Une direction académique qui n’aurait pas réagi assez tôt
Contactée, Armelle Fellahi, actuelle directrice académique des services de l’éducation du Calvados, affirme qu’elle et la rectrice ont immédiatement réagi. « Madame la Rectrice et moi avons fait un communiqué dénonçant la situation. A titre personnel, j’ai directement dit en conseil d’IEN tout le caractère inadmissible de ce document et tout mon soutien. J’ai aussi écrit à chaque IEN à différentes reprises ». Pourtant, le communiqué évoqué que nous avons pu consulter est daté du 7 octobre 2022, soit près de cinq mois après que le document ait fuité et que le syndicat des IEN ait alerté le ministère et l’administration locale…
Pour autant la situation n’est pas simple, de l’aveu même du responsable syndical. En effet, dès juillet 2022, lorsqu’elle a eu vent de la circulation du bestiaire, la rectrice avait transmis le dossier à la justice conformément à l’article 40 de procédure pénale qui oblige « tout officier public ou fonctionnaire qui dans l’exercice de ses fonctions, acquiert la connaissance d’un crime ou d’un délit est tenu d’en donner avis sans délai au procureur de la République ». Elle avait aussitôt accordé la protection fonctionnelle aux trois IEN qui ont porté plainte. L’affaire avait été classée sans suite sans permettre d’authentifier l’auteur marquant un coup d’arrêt dans la procédure judiciaire. C’est un élément nouveau qui l’a relancée en septembre.
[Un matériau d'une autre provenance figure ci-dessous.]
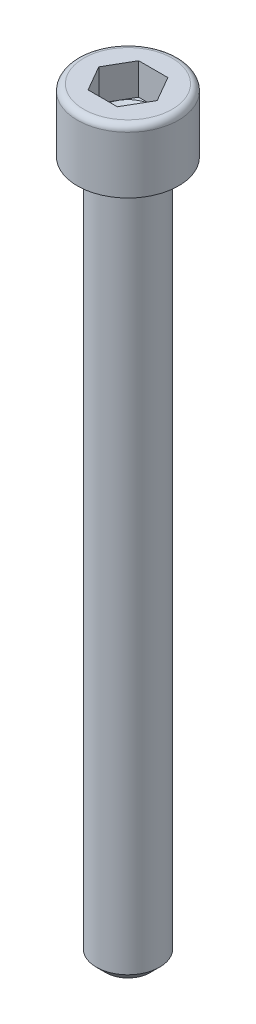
from build123d import *

# Parameters (mm, degrees)
TIGE_START              = -110
ESQUISSE1_R             = 5
TIGE_DEPTH              = 110
CHANFREIN_D_ENTR_E_SIZE = 1.5
HEXAGONE_DEPTH          = 5


with BuildPart() as part:
    # Esquisse1 → Tige (new body)
    with BuildSketch(Plane(origin=(0, 0, 0), x_dir=(1, 0, 0), z_dir=(0, 1, 0)).offset(TIGE_START)):
        with Locations(Location((0, 0, 0), (0, 0, 270))):
            Circle(ESQUISSE1_R)
    extrude(amount=TIGE_DEPTH)

    # Chanfrein d_entr_e
    chanfrein_d_entr_e_edges = [part.edges().sort_by_distance(p)[0] for p in [
        (0, -110, -5),
    ]]
    chamfer(chanfrein_d_entr_e_edges, length=CHANFREIN_D_ENTR_E_SIZE)

    # Esquisse2 → T_te (revolve)
    with BuildSketch(Plane.XY, mode=Mode.PRIVATE) as t_te_sk:
        with BuildLine():
            Line((4, 10), (4, 5))
            Line((4, 5), (0, 2.690598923))
            Line((0, 2.690598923), (0, 0))
            Line((0, 0), (8, 0))
            Line((8, 0), (8, 9))
            ThreePointArc((8, 9), (7.707106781, 9.707106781), (7, 10))
            Line((7, 10), (4, 10))
        make_face()
    revolve(t_te_sk.sketch.rotate(Axis((0, 10, 0), (0, -1, 0)), 180), axis=Axis((0, 10, 0), (0, -1, 0)))

    # Esquisse3 → Hexagone (cut)
    with BuildSketch(Plane(origin=(0, 10, -3), x_dir=(1, 0, 0), z_dir=(0, -1, 0))):
        Polygon((2.309401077, 7), (-2.309401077, 7), (-4.618802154, 3), (-2.309401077, -1), (2.309401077, -1), (4.618802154, 3), align=None)
    extrude(amount=HEXAGONE_DEPTH, mode=Mode.SUBTRACT)


solid = part.part
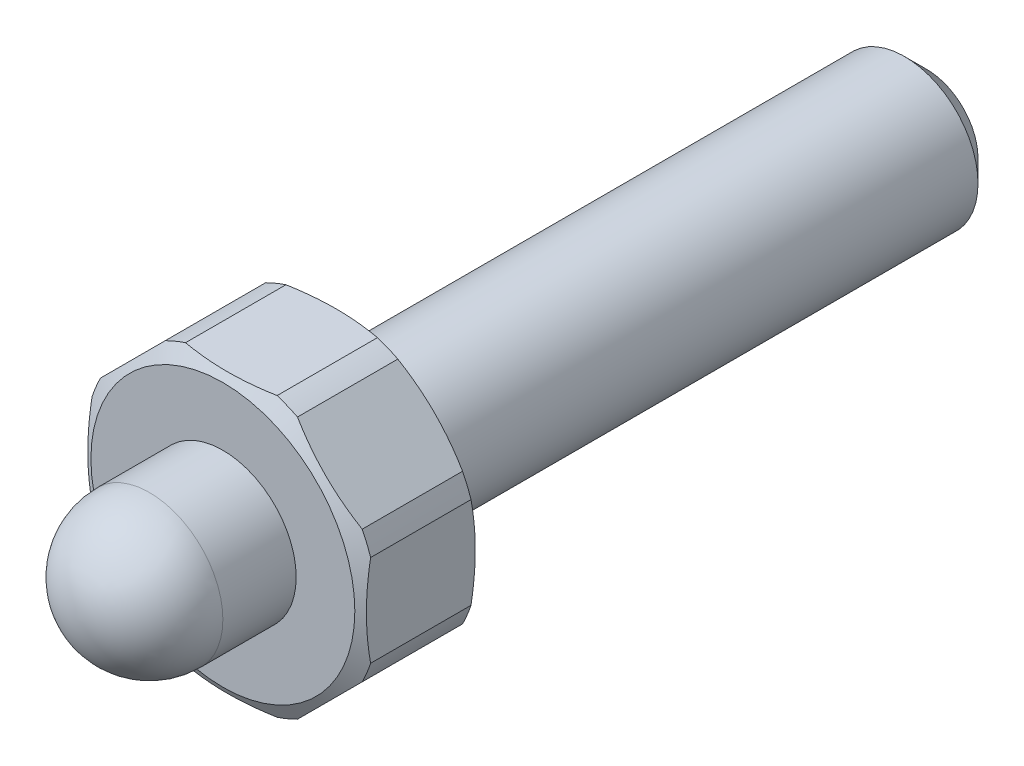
ISO-10303-21;
HEADER;
FILE_DESCRIPTION(('STEP AP214'),'2;1');
FILE_NAME('part.step','',(''),(''),'','','');
FILE_SCHEMA(('AUTOMOTIVE_DESIGN { 1 0 10303 214 1 1 1 1 }'));
ENDSEC;
DATA;
#1=APPLICATION_CONTEXT('core data for automotive mechanical design processes');
#2=APPLICATION_PROTOCOL_DEFINITION('international standard','automotive_design',2000,#1);
#3=PRODUCT_CONTEXT('',#1,'mechanical');
#4=PRODUCT('Part','Part','',(#3));
#5=PRODUCT_RELATED_PRODUCT_CATEGORY('part','',(#4));
#6=PRODUCT_DEFINITION_FORMATION('','',#4);
#7=PRODUCT_DEFINITION_CONTEXT('part definition',#1,'design');
#8=PRODUCT_DEFINITION('design','',#6,#7);
#9=PRODUCT_DEFINITION_SHAPE('','',#8);
#10=(LENGTH_UNIT() NAMED_UNIT(*) SI_UNIT(.MILLI.,.METRE.));
#11=(NAMED_UNIT(*) PLANE_ANGLE_UNIT() SI_UNIT($,.RADIAN.));
#12=(NAMED_UNIT(*) SI_UNIT($,.STERADIAN.) SOLID_ANGLE_UNIT());
#13=UNCERTAINTY_MEASURE_WITH_UNIT(LENGTH_MEASURE(1.E-05),#10,'distance_accuracy_value','');
#14=(GEOMETRIC_REPRESENTATION_CONTEXT(3) GLOBAL_UNCERTAINTY_ASSIGNED_CONTEXT((#13)) GLOBAL_UNIT_ASSIGNED_CONTEXT((#10,
#11,#12)) REPRESENTATION_CONTEXT('',''));
#15=CARTESIAN_POINT('',(0.,0.,0.));
#16=DIRECTION('',(0.,0.,1.));
#17=DIRECTION('',(1.,0.,0.));
#18=AXIS2_PLACEMENT_3D('',#15,#16,#17);
#19=CARTESIAN_POINT('',(-9.5,3.93502884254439,48.));
#20=DIRECTION('',(-0.707106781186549,0.707106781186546,0.));
#21=DIRECTION('',(-0.707106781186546,-0.707106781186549,0.));
#22=AXIS2_PLACEMENT_3D('',#19,#20,#21);
#23=PLANE('',#22);
#24=DIRECTION('',(0.,0.,-1.));
#25=VECTOR('',#24,1.);
#26=CARTESIAN_POINT('',(-4.50957420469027,8.92545463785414,14.1355247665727));
#27=LINE('',#26,#25);
#28=CARTESIAN_POINT('',(-4.50957420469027,8.92545463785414,40.5773502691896));
#29=VERTEX_POINT('',#28);
#30=CARTESIAN_POINT('',(-4.50957420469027,8.92545463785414,47.4226497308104));
#31=VERTEX_POINT('',#30);
#32=EDGE_CURVE('E296',#29,#31,#27,.F.);
#33=ORIENTED_EDGE('',*,*,#32,.F.);
#34=CARTESIAN_POINT('',(-4.50937420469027,8.92565463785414,40.5774012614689));
#35=CARTESIAN_POINT('',(-4.66835968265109,8.76666915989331,40.5368457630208));
#36=CARTESIAN_POINT('',(-4.82785269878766,8.60717614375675,40.5001475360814));
#37=CARTESIAN_POINT('',(-5.14771203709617,8.28731680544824,40.435033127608));
#38=CARTESIAN_POINT('',(-5.30807852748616,8.12695031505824,40.4066186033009));
#39=CARTESIAN_POINT('',(-5.62951126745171,7.8055175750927,40.3586510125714));
#40=CARTESIAN_POINT('',(-5.79057764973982,7.64445119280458,40.3390997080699));
#41=CARTESIAN_POINT('',(-6.11312884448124,7.32189999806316,40.3092762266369));
#42=CARTESIAN_POINT('',(-6.27461362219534,7.16041522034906,40.2990033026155));
#43=CARTESIAN_POINT('',(-6.59553008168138,6.83949876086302,40.2880388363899));
#44=CARTESIAN_POINT('',(-6.75495954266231,6.68006929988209,40.2872178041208));
#45=CARTESIAN_POINT('',(-7.07370784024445,6.36132100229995,40.2948399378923));
#46=CARTESIAN_POINT('',(-7.23302667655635,6.20200216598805,40.3032831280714));
#47=CARTESIAN_POINT('',(-7.55120620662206,5.88382263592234,40.3292431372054));
#48=CARTESIAN_POINT('',(-7.71006709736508,5.72496174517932,40.3467551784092));
#49=CARTESIAN_POINT('',(-8.02717215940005,5.40785668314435,40.3904854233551));
#50=CARTESIAN_POINT('',(-8.18541639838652,5.24961244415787,40.4167026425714));
#51=CARTESIAN_POINT('',(-8.39189944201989,5.0431294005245,40.4563588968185));
#52=CARTESIAN_POINT('',(-8.44050564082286,4.99452320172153,40.4660905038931));
#53=CARTESIAN_POINT('',(-8.53763439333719,4.89739444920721,40.4863137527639));
#54=CARTESIAN_POINT('',(-8.58615695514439,4.8488718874,40.4968053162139));
#55=CARTESIAN_POINT('',(-8.68322448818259,4.7518043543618,40.5185556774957));
#56=CARTESIAN_POINT('',(-8.73176927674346,4.70325956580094,40.5298161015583));
#57=CARTESIAN_POINT('',(-8.82877603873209,4.60625280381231,40.5530663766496));
#58=CARTESIAN_POINT('',(-8.87723800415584,4.55779083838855,40.5650562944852));
#59=CARTESIAN_POINT('',(-8.92565463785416,4.50937420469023,40.5774012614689));
#60=B_SPLINE_CURVE_WITH_KNOTS('',3,(#34,#35,#36,#37,#38,#39,#40,#41,#42,#43,#44,#45,#46,#47,#48,
#49,#50,#51,#52,#53,#54,#55,#56,#57,#58,#59),.UNSPECIFIED.,.F.,.F.,(4,2,2,2,2,2,2,2,2,2,2,2,4),
(0.,0.685401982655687,1.37094099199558,2.05661622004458,2.7422362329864,3.41845195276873,
4.09466943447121,4.77053102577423,5.44631620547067,5.65458890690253,5.86284016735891,
6.07154643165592,6.28027183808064),.UNSPECIFIED.);
#61=CARTESIAN_POINT('',(-8.92545463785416,4.50957420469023,40.5773502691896));
#62=VERTEX_POINT('',#61);
#63=EDGE_CURVE('E220',#29,#62,#60,.T.);
#64=ORIENTED_EDGE('',*,*,#63,.T.);
#65=DIRECTION('',(0.,0.,-1.));
#66=VECTOR('',#65,1.);
#67=CARTESIAN_POINT('',(-8.92545463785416,4.50957420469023,14.1355247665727));
#68=LINE('',#67,#66);
#69=CARTESIAN_POINT('',(-8.92545463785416,4.50957420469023,47.4226497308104));
#70=VERTEX_POINT('',#69);
#71=EDGE_CURVE('E290',#70,#62,#68,.T.);
#72=ORIENTED_EDGE('',*,*,#71,.F.);
#73=CARTESIAN_POINT('',(-8.92565463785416,4.50937420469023,47.422598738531));
#74=CARTESIAN_POINT('',(-8.76666915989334,4.66835968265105,47.4631542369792));
#75=CARTESIAN_POINT('',(-8.60717614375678,4.82785269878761,47.4998524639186));
#76=CARTESIAN_POINT('',(-8.28731680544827,5.14771203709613,47.564966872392));
#77=CARTESIAN_POINT('',(-8.12695031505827,5.30807852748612,47.5933813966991));
#78=CARTESIAN_POINT('',(-7.80551757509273,5.62951126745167,47.6413489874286));
#79=CARTESIAN_POINT('',(-7.64445119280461,5.79057764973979,47.6609002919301));
#80=CARTESIAN_POINT('',(-7.32189999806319,6.11312884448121,47.6907237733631));
#81=CARTESIAN_POINT('',(-7.16041522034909,6.27461362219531,47.7009966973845));
#82=CARTESIAN_POINT('',(-6.83949876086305,6.59553008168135,47.7119611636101));
#83=CARTESIAN_POINT('',(-6.68006929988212,6.75495954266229,47.7127821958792));
#84=CARTESIAN_POINT('',(-6.36132100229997,7.07370784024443,47.7051600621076));
#85=CARTESIAN_POINT('',(-6.20200216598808,7.23302667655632,47.6967168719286));
#86=CARTESIAN_POINT('',(-5.88382263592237,7.55120620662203,47.6707568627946));
#87=CARTESIAN_POINT('',(-5.72496174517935,7.71006709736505,47.6532448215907));
#88=CARTESIAN_POINT('',(-5.40785668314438,8.02717215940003,47.6095145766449));
#89=CARTESIAN_POINT('',(-5.24961244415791,8.18541639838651,47.5832973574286));
#90=CARTESIAN_POINT('',(-5.04312940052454,8.39189944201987,47.5436411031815));
#91=CARTESIAN_POINT('',(-4.99452320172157,8.44050564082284,47.5339094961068));
#92=CARTESIAN_POINT('',(-4.89739444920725,8.53763439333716,47.513686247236));
#93=CARTESIAN_POINT('',(-4.84887188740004,8.58615695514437,47.5031946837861));
#94=CARTESIAN_POINT('',(-4.75180435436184,8.68322448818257,47.4814443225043));
#95=CARTESIAN_POINT('',(-4.70325956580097,8.73176927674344,47.4701838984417));
#96=CARTESIAN_POINT('',(-4.60625280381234,8.82877603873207,47.4469336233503));
#97=CARTESIAN_POINT('',(-4.55779083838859,8.87723800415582,47.4349437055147));
#98=CARTESIAN_POINT('',(-4.50937420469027,8.92565463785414,47.422598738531));
#99=B_SPLINE_CURVE_WITH_KNOTS('',3,(#73,#74,#75,#76,#77,#78,#79,#80,#81,#82,#83,#84,#85,#86,#87,
#88,#89,#90,#91,#92,#93,#94,#95,#96,#97,#98),.UNSPECIFIED.,.F.,.F.,(4,2,2,2,2,2,2,2,2,2,2,2,4),
(0.,0.685401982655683,1.37094099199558,2.05661622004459,2.74223623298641,3.41845195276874,
4.09466943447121,4.77053102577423,5.44631620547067,5.65458890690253,5.86284016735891,
6.07154643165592,6.28027183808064),.UNSPECIFIED.);
#100=EDGE_CURVE('E351',#70,#31,#99,.T.);
#101=ORIENTED_EDGE('',*,*,#100,.T.);
#102=EDGE_LOOP('',(#33,#64,#72,#101));
#103=FACE_BOUND('',#102,.T.);
#104=ADVANCED_FACE('F14',(#103),#23,.T.);
#105=CARTESIAN_POINT('',(-9.5,3.93502884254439,48.));
#106=DIRECTION('',(1.,0.,0.));
#107=DIRECTION('',(0.,1.,0.));
#108=AXIS2_PLACEMENT_3D('',#105,#106,#107);
#109=PLANE('',#108);
#110=CARTESIAN_POINT('',(-9.5,-10.6624370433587,43.0487968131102));
#111=CARTESIAN_POINT('',(-9.5,-10.3273738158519,42.9044090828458));
#112=CARTESIAN_POINT('',(-9.50000000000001,-9.99122686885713,42.762474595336));
#113=CARTESIAN_POINT('',(-9.50000000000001,-9.3163146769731,42.484712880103));
#114=CARTESIAN_POINT('',(-9.50000000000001,-8.97754873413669,42.3488873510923));
#115=CARTESIAN_POINT('',(-9.50000000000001,-8.29520742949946,42.0838778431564));
#116=CARTESIAN_POINT('',(-9.50000000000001,-7.95161570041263,41.9547357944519));
#117=CARTESIAN_POINT('',(-9.50000000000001,-7.26115052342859,41.7055778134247));
#118=CARTESIAN_POINT('',(-9.50000000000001,-6.91427731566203,41.5855612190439));
#119=CARTESIAN_POINT('',(-9.50000000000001,-6.22331422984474,41.35875373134));
#120=CARTESIAN_POINT('',(-9.5,-5.87929160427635,41.2517592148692));
#121=CARTESIAN_POINT('',(-9.5,-5.18743039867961,41.0507161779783));
#122=CARTESIAN_POINT('',(-9.5,-4.83959160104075,40.9566684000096));
#123=CARTESIAN_POINT('',(-9.5,-4.14078802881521,40.784276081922));
#124=CARTESIAN_POINT('',(-9.50000000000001,-3.78983138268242,40.7058988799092));
#125=CARTESIAN_POINT('',(-9.5,-3.08435251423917,40.5673353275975));
#126=CARTESIAN_POINT('',(-9.5,-2.72983101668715,40.5071453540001));
#127=CARTESIAN_POINT('',(-9.5,-2.15429612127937,40.4265856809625));
#128=CARTESIAN_POINT('',(-9.5,-1.93417094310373,40.3997948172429));
#129=CARTESIAN_POINT('',(-9.5,-1.49306719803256,40.3545883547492));
#130=CARTESIAN_POINT('',(-9.5,-1.27208869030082,40.3361721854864));
#131=CARTESIAN_POINT('',(-9.5,-0.829532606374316,40.3080805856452));
#132=CARTESIAN_POINT('',(-9.5,-0.607954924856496,40.2984068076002));
#133=CARTESIAN_POINT('',(-9.5,-0.16458605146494,40.2880074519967));
#134=CARTESIAN_POINT('',(-9.5,0.0572051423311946,40.2872819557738));
#135=CARTESIAN_POINT('',(-9.5,0.501662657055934,40.2948126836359));
#136=CARTESIAN_POINT('',(-9.5,0.724328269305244,40.3031105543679));
#137=CARTESIAN_POINT('',(-9.5,1.1691471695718,40.3285773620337));
#138=CARTESIAN_POINT('',(-9.5,1.3913004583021,40.3457462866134));
#139=CARTESIAN_POINT('',(-9.5,1.83469783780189,40.3885995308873));
#140=CARTESIAN_POINT('',(-9.5,2.055942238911,40.4142806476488));
#141=CARTESIAN_POINT('',(-9.5,2.49736276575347,40.4736713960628));
#142=CARTESIAN_POINT('',(-9.5,2.71753874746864,40.5073820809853));
#143=CARTESIAN_POINT('',(-9.5,3.51025209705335,40.6425771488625));
#144=CARTESIAN_POINT('',(-9.5,4.07919232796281,40.7657750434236));
#145=CARTESIAN_POINT('',(-9.5,4.92487533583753,40.9801462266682));
#146=CARTESIAN_POINT('',(-9.5,5.20558380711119,41.0565659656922));
#147=CARTESIAN_POINT('',(-9.5,5.76454956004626,41.2179339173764));
#148=CARTESIAN_POINT('',(-9.5,6.04280693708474,41.3028817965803));
#149=CARTESIAN_POINT('',(-9.5,6.59836701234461,41.4805394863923));
#150=CARTESIAN_POINT('',(-9.5,6.8756577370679,41.573286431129));
#151=CARTESIAN_POINT('',(-9.5,7.42804912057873,41.7651046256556));
#152=CARTESIAN_POINT('',(-9.5,7.70314968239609,41.8641761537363));
#153=CARTESIAN_POINT('',(-9.5,8.52526532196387,42.1693859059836));
#154=CARTESIAN_POINT('',(-9.5,9.06928948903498,42.3835831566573));
#155=CARTESIAN_POINT('',(-9.5,10.1506278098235,42.8275861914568));
#156=CARTESIAN_POINT('',(-9.5,10.6879442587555,43.0573864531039));
#157=CARTESIAN_POINT('',(-9.5,11.7574593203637,43.5286885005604));
#158=CARTESIAN_POINT('',(-9.5,12.2896574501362,43.7701913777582));
#159=CARTESIAN_POINT('',(-9.5,13.3435311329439,44.2590522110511));
#160=CARTESIAN_POINT('',(-9.49999999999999,13.8652561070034,44.5063040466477));
#161=CARTESIAN_POINT('',(-9.49999999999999,14.6453584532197,44.8821426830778));
#162=CARTESIAN_POINT('',(-9.49999999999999,14.9049441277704,45.0082319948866));
#163=CARTESIAN_POINT('',(-9.49999999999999,15.4233877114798,45.2618905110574));
#164=CARTESIAN_POINT('',(-9.5,15.6822456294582,45.3894596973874));
#165=CARTESIAN_POINT('',(-9.5,15.940781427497,45.5176783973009));
#166=B_SPLINE_CURVE_WITH_KNOTS('',3,(#110,#111,#112,#113,#114,#115,#116,#117,#118,#119,#120,
#121,#122,#123,#124,#125,#126,#127,#128,#129,#130,#131,#132,#133,#134,#135,#136,#137,#138,#139,
#140,#141,#142,#143,#144,#145,#146,#147,#148,#149,#150,#151,#152,#153,#154,#155,#156,#157,#158,
#159,#160,#161,#162,#163,#164,#165),.UNSPECIFIED.,.F.,.F.,(4,2,2,2,2,2,2,2,2,2,2,2,2,2,2,2,2,2,
2,2,2,2,2,2,2,2,2,4),(0.,1.0945752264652,2.18945296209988,3.2905260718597,4.39151922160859,
5.47214107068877,6.55282486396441,7.63123217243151,8.70942449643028,9.37453317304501,
10.0395965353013,10.7047855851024,11.3699806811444,12.0382590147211,12.7065364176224,
13.3745626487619,14.042676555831,15.7867924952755,16.6594939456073,17.5321612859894,
18.4092485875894,19.2863745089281,21.0400108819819,22.7930297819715,24.546212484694,
26.2781943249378,27.1439556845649,28.0097065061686),.UNSPECIFIED.);
#167=CARTESIAN_POINT('',(-9.5,-3.12249899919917,40.5773502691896));
#168=VERTEX_POINT('',#167);
#169=CARTESIAN_POINT('',(-9.5,3.12249899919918,40.5773502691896));
#170=VERTEX_POINT('',#169);
#171=EDGE_CURVE('E127',#168,#170,#166,.T.);
#172=ORIENTED_EDGE('',*,*,#171,.F.);
#173=DIRECTION('',(0.,0.,-1.));
#174=VECTOR('',#173,1.);
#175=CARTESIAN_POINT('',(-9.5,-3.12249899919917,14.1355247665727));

Mais le Patrick Roumagnac insiste, « l’administration locale n’a pas fait le job, elle n’a soutenu ses collaborateurs et collaboratrices qu’une fois la justice saisie alors qu’elle avait été alertée bien avant. Les personnes qui ont participé – au moins dans la diffusion du document – sont restées en place encore longtemps ». Une situation qu’a décidé de dénoncer le syndicat lors du conseil supérieur de l’éducation du 26 janvier dernier dans une déclaration préliminaire.
« Le temps de l’administration n’est manifestement pas le même que celui des acteurs de terrain auprès desquels nous travaillons au quotidien. Toujours plus vite… Enfin, « toujours », pas vraiment. L’administration centrale sait manifestement prendre son temps quand il convient d’analyser les conditions de travail des inspectrices et des inspecteurs. Depuis deux ans et six mois nos collègues d’un département maritime et normand ont dénoncé des propos infamants dont ils ont été les victimes. Certains ont préféré quitter ce département ou ont même anticipé leur départ en retraite ». Depuis plus de six mois, une enquête interne a été diligentée, mais n’a produit aucun effet jusqu’alors. Au fil du temps, cinq collègues, soit plus du tiers des inspecteurs du département sont partis en congé de maladie imputable au service… Le temps passe et aucune évolution n’apparaît avec une hiérarchie dont le positionnement oscille entre mépris et indifférence ».
Aujourd’hui, plus de deux ans après, Corinne Sourbets et ses collègues attendent « que les accusés soient condamnés, administrativement et pénalement ». Ils attendent toujours que l’on reconnaisse leur statut de victime.